Task inputs ->
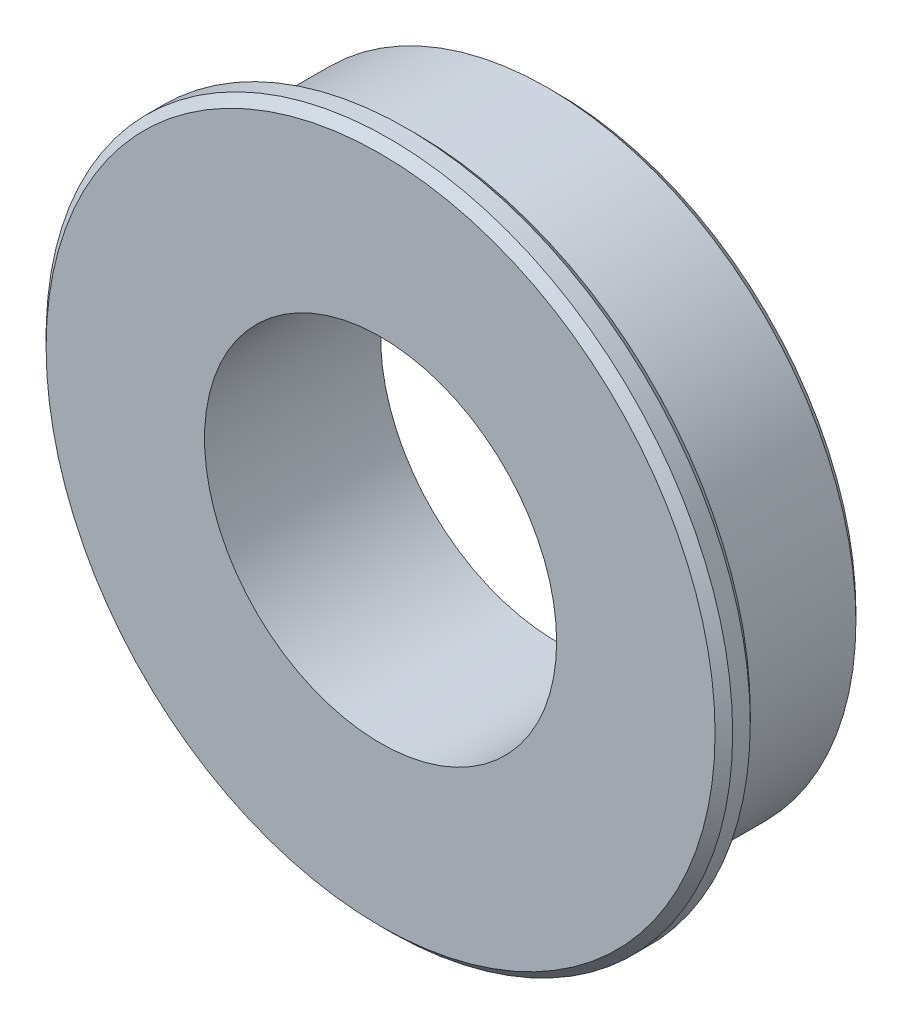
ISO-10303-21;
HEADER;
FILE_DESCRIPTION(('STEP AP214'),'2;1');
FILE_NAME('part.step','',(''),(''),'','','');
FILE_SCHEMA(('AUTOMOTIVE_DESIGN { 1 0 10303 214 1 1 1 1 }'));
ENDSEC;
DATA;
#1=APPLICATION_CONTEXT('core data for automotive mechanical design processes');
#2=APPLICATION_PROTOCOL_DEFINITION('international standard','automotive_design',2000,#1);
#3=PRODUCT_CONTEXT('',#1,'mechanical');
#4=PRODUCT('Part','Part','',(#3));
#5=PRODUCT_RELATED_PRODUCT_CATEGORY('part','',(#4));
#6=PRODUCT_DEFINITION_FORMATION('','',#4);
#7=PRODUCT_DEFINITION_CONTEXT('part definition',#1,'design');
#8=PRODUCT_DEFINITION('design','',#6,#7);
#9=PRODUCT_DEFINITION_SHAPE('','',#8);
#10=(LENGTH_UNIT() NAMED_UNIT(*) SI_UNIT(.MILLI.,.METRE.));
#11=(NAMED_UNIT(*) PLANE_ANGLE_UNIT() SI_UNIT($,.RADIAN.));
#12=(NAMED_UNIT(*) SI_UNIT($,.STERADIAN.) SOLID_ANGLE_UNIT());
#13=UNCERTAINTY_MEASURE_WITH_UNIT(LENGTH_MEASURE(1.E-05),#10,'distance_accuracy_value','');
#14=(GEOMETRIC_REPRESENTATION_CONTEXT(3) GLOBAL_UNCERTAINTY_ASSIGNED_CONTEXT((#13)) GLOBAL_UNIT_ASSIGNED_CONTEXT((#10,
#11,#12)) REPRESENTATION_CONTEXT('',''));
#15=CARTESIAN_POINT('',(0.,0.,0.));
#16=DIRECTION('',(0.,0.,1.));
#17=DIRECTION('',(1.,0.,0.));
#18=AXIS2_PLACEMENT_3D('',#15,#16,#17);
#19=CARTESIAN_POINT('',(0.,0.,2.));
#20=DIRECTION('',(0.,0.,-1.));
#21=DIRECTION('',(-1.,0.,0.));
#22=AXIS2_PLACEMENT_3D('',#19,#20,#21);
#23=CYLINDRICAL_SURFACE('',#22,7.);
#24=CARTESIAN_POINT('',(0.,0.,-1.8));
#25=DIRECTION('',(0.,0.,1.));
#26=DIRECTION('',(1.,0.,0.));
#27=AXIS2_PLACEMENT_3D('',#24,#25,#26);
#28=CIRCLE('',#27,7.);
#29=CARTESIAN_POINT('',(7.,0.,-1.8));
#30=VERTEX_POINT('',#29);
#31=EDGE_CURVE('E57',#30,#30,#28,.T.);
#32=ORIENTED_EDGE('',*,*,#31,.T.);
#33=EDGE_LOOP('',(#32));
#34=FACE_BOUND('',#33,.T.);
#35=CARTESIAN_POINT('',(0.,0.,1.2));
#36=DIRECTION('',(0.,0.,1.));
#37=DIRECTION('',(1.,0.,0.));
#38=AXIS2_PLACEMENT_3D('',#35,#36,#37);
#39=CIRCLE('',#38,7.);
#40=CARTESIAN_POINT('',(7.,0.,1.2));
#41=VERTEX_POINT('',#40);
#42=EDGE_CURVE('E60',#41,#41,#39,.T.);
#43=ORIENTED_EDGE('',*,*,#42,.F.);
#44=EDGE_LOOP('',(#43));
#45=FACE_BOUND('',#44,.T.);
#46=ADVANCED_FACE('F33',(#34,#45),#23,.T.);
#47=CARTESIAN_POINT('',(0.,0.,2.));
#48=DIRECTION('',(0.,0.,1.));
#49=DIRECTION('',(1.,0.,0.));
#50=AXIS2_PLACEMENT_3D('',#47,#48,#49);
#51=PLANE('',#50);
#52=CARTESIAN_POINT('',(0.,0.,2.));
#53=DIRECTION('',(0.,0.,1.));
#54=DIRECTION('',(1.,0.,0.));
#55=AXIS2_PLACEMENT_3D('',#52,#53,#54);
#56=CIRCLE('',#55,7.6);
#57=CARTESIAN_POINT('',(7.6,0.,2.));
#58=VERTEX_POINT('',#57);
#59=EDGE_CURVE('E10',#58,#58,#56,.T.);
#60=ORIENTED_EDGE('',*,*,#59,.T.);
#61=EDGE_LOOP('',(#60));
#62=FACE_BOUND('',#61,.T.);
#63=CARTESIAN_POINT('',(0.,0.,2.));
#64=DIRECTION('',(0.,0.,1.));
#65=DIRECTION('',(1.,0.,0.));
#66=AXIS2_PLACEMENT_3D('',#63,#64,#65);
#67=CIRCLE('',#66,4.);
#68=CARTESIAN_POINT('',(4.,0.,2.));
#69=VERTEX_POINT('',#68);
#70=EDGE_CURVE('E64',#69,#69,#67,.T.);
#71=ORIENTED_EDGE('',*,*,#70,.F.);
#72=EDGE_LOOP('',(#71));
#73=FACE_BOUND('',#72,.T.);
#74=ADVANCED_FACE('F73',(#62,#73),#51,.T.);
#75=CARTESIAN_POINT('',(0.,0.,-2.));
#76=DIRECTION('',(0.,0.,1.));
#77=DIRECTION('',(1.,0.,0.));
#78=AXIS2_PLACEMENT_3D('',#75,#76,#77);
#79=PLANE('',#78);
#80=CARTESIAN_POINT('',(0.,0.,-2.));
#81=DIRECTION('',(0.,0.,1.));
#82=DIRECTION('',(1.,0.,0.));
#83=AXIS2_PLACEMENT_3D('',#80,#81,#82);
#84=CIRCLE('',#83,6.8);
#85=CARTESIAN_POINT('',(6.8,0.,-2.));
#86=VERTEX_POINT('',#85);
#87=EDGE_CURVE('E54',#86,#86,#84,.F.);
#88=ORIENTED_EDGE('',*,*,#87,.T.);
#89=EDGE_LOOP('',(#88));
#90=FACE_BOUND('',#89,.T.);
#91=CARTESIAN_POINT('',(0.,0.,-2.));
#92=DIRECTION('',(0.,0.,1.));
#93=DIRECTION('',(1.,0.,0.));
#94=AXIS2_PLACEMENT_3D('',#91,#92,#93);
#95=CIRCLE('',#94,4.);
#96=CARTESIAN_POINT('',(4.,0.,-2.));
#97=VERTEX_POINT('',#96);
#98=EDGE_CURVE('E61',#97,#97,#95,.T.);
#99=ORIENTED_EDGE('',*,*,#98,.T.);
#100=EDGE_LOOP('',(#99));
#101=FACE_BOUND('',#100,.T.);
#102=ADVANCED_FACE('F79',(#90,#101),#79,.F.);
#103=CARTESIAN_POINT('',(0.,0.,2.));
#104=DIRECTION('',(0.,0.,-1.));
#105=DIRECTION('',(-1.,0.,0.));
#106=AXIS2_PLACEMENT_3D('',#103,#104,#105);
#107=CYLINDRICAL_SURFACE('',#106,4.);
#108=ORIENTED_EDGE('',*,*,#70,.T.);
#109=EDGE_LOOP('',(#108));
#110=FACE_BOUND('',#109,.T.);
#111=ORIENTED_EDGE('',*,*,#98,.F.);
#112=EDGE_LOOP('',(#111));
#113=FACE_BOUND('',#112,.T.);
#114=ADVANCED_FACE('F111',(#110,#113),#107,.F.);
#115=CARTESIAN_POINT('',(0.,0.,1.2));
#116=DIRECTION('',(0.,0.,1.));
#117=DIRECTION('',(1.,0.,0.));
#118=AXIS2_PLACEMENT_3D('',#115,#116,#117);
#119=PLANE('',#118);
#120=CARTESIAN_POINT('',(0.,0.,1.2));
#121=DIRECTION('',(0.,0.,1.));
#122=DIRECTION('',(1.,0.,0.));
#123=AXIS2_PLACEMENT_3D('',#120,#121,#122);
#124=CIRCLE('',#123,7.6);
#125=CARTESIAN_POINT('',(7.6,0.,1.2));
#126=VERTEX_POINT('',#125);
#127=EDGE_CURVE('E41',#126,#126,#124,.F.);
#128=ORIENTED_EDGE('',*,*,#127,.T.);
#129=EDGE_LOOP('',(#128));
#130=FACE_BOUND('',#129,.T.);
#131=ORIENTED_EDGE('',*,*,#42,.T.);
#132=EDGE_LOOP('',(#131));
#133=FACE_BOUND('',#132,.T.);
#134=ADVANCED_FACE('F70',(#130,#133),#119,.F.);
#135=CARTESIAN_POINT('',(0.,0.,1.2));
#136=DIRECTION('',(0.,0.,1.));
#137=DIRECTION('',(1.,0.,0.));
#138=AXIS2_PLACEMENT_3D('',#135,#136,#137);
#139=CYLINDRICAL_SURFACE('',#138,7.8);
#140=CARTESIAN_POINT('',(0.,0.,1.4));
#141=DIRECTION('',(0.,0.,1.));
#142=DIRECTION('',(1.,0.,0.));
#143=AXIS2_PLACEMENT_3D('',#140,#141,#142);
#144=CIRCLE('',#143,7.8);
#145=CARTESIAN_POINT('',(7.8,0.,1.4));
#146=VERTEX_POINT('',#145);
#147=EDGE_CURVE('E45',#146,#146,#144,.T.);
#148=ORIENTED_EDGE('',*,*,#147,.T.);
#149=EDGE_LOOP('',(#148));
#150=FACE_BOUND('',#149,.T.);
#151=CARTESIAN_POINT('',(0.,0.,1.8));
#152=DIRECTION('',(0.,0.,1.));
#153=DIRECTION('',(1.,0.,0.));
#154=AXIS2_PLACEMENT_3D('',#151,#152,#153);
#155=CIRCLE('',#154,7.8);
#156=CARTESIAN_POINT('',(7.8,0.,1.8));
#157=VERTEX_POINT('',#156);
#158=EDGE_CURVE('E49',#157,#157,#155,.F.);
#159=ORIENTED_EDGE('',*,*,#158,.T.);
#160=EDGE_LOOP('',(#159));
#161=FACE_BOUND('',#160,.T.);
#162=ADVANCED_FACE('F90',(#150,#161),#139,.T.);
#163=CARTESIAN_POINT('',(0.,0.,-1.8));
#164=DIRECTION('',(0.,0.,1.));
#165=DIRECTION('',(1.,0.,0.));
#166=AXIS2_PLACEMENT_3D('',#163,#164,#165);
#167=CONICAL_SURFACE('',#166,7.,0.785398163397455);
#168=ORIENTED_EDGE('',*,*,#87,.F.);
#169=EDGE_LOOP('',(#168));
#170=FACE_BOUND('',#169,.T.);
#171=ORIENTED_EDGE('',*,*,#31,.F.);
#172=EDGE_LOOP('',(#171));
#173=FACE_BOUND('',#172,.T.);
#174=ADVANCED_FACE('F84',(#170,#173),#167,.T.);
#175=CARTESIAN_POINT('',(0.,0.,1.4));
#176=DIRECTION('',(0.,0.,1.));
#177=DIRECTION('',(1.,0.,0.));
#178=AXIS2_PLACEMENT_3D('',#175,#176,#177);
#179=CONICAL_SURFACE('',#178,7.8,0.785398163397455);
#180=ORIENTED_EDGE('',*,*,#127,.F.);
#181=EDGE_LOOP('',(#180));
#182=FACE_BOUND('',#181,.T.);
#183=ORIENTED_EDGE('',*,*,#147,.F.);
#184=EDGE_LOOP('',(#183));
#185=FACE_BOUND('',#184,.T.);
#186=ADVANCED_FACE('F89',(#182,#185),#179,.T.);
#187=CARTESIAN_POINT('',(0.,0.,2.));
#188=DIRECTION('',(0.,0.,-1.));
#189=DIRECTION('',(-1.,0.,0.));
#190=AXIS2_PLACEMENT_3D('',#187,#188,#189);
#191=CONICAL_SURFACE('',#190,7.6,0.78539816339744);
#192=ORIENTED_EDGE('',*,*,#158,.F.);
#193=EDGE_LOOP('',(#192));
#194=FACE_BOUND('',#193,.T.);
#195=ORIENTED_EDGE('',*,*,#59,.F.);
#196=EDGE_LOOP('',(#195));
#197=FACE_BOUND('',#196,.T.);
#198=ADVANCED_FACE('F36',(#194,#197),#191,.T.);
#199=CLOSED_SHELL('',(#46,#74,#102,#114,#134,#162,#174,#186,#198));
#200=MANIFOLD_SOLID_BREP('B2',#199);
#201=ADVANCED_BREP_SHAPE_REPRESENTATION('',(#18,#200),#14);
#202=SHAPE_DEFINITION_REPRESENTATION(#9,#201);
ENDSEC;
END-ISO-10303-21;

How to complete this task -> Set down, from the entries above, exactly the lines from the one with "#152=DIRECTION('',(0.,0.,1.));" up to and including the one with "#191=CONICAL_SURFACE('',#190,7.6,0.78539816339744);", and no other lines.

Task answer ->
#152=DIRECTION('',(0.,0.,1.));
#153=DIRECTION('',(1.,0.,0.));
#154=AXIS2_PLACEMENT_3D('',#151,#152,#153);
#155=CIRCLE('',#154,7.8);
#156=CARTESIAN_POINT('',(7.8,0.,1.8));
#157=VERTEX_POINT('',#156);
#158=EDGE_CURVE('E49',#157,#157,#155,.F.);
#159=ORIENTED_EDGE('',*,*,#158,.T.);
#160=EDGE_LOOP('',(#159));
#161=FACE_BOUND('',#160,.T.);
#162=ADVANCED_FACE('F90',(#150,#161),#139,.T.);
#163=CARTESIAN_POINT('',(0.,0.,-1.8));
#164=DIRECTION('',(0.,0.,1.));
#165=DIRECTION('',(1.,0.,0.));
#166=AXIS2_PLACEMENT_3D('',#163,#164,#165);
#167=CONICAL_SURFACE('',#166,7.,0.785398163397455);
#168=ORIENTED_EDGE('',*,*,#87,.F.);
#169=EDGE_LOOP('',(#168));
#170=FACE_BOUND('',#169,.T.);
#171=ORIENTED_EDGE('',*,*,#31,.F.);
#172=EDGE_LOOP('',(#171));
#173=FACE_BOUND('',#172,.T.);
#174=ADVANCED_FACE('F84',(#170,#173),#167,.T.);
#175=CARTESIAN_POINT('',(0.,0.,1.4));
#176=DIRECTION('',(0.,0.,1.));
#177=DIRECTION('',(1.,0.,0.));
#178=AXIS2_PLACEMENT_3D('',#175,#176,#177);
#179=CONICAL_SURFACE('',#178,7.8,0.785398163397455);
#180=ORIENTED_EDGE('',*,*,#127,.F.);
#181=EDGE_LOOP('',(#180));
#182=FACE_BOUND('',#181,.T.);
#183=ORIENTED_EDGE('',*,*,#147,.F.);
#184=EDGE_LOOP('',(#183));
#185=FACE_BOUND('',#184,.T.);
#186=ADVANCED_FACE('F89',(#182,#185),#179,.T.);
#187=CARTESIAN_POINT('',(0.,0.,2.));
#188=DIRECTION('',(0.,0.,-1.));
#189=DIRECTION('',(-1.,0.,0.));
#190=AXIS2_PLACEMENT_3D('',#187,#188,#189);
#191=CONICAL_SURFACE('',#190,7.6,0.78539816339744);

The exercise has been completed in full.